JERMYN, Amos Lee Mappin’s lean, leathery man-servant, entered his master’s bedroom and coughed discreetly. Though it was nearly nine o’clock on Monday morning, Mr. Mappin, making a little rounded hill of the bedclothes, was still slumbering peacefully. There had been a late party on Sunday night. He awoke and looked at Jermyn with a not altogether friendly eye. That stolen hour of sleep in the morning was so delicious!

“What is it, Jermyn?”

“Sorry to disturb you, sir. Major Dunphy is here.”

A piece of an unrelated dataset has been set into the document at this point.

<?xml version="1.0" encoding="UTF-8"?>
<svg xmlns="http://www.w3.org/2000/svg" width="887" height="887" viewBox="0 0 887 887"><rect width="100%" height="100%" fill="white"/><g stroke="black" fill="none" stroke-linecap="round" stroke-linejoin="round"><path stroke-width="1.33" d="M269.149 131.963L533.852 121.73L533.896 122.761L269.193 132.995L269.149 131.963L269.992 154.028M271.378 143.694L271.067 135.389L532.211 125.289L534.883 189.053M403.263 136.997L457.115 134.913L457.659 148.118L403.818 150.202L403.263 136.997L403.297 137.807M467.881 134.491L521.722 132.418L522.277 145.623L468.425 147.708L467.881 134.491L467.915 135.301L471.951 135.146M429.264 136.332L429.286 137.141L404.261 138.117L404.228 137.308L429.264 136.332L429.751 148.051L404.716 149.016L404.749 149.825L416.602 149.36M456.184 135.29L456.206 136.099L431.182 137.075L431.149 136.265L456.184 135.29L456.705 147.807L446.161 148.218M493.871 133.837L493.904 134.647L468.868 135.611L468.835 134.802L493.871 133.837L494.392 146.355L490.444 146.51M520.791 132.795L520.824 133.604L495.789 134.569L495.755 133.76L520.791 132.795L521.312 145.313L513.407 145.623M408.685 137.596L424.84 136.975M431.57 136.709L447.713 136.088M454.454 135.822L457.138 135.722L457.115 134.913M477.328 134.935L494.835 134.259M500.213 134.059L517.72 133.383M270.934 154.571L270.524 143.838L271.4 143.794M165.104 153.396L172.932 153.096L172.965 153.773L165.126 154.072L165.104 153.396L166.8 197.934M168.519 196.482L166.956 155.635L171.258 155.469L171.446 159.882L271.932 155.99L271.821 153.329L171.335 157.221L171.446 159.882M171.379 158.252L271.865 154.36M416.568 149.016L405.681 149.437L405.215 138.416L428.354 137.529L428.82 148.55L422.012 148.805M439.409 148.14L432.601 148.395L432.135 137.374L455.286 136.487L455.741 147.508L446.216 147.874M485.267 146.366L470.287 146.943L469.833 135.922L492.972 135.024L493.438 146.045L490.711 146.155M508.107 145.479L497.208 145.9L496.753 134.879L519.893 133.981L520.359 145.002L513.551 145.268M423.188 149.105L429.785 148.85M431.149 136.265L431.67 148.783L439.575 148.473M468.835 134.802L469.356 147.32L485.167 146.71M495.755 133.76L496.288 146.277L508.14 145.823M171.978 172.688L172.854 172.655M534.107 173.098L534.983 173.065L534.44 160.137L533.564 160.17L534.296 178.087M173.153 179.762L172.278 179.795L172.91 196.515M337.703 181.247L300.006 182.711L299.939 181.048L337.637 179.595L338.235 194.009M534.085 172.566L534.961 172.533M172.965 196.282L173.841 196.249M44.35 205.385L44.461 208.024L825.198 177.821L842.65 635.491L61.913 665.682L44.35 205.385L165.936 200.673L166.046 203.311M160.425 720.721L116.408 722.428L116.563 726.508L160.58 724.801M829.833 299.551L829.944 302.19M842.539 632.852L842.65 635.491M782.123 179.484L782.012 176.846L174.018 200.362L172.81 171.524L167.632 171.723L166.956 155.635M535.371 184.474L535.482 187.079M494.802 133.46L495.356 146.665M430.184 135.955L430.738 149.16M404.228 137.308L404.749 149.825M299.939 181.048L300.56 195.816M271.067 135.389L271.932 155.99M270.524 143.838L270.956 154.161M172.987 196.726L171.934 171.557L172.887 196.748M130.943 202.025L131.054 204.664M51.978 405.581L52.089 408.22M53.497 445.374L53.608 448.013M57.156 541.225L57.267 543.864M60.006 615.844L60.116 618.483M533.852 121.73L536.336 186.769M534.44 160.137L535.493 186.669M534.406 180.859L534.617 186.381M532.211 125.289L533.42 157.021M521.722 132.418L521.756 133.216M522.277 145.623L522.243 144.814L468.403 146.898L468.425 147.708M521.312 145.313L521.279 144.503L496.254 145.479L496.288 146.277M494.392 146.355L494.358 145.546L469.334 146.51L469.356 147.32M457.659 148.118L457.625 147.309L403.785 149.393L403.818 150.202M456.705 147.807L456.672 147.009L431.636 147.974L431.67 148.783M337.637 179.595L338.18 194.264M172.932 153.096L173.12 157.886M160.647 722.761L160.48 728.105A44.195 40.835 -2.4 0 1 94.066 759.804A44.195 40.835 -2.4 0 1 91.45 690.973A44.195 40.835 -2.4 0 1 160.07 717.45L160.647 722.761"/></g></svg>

Mr. Mappin scowled. “Good God! that crashing bore!” He glanced at the clock on the dresser. “Nine o’clock! What on earth does he want?”

“He didn’t care to tell me, sir. He apologized for coming so early. He appears to be extremely agitated, sir.”

“He’s easily agitated. Why did you let him in?”

“How could I avoid it, sir? He mentioned the name of his granddaughter, Miss Stannard. She seems to be lost, sir.”

Lee stared at Jermyn with a changed expression. After a moment he swung his legs out of the bed. “Miss Stannard? What the devil! He didn’t expect to find her here, did he? It’s some absurd notion that he’s got in his head. I’ll get rid of him as fast as I can.”

“He’s waiting in the living room, sir.”

“All right. Make me some coffee. I’ll have breakfast after he goes.”

Jermyn retired and Lee got out of bed. He thrust his feet into a pair of morocco slippers, wound a white silk muffler around his neck, and shouldered himself into one of the gaudy dressing gowns he affected at home–this one was crimson in color. He didn’t have to brush his hair because he didn’t have any, except a fringe around the base of his skull.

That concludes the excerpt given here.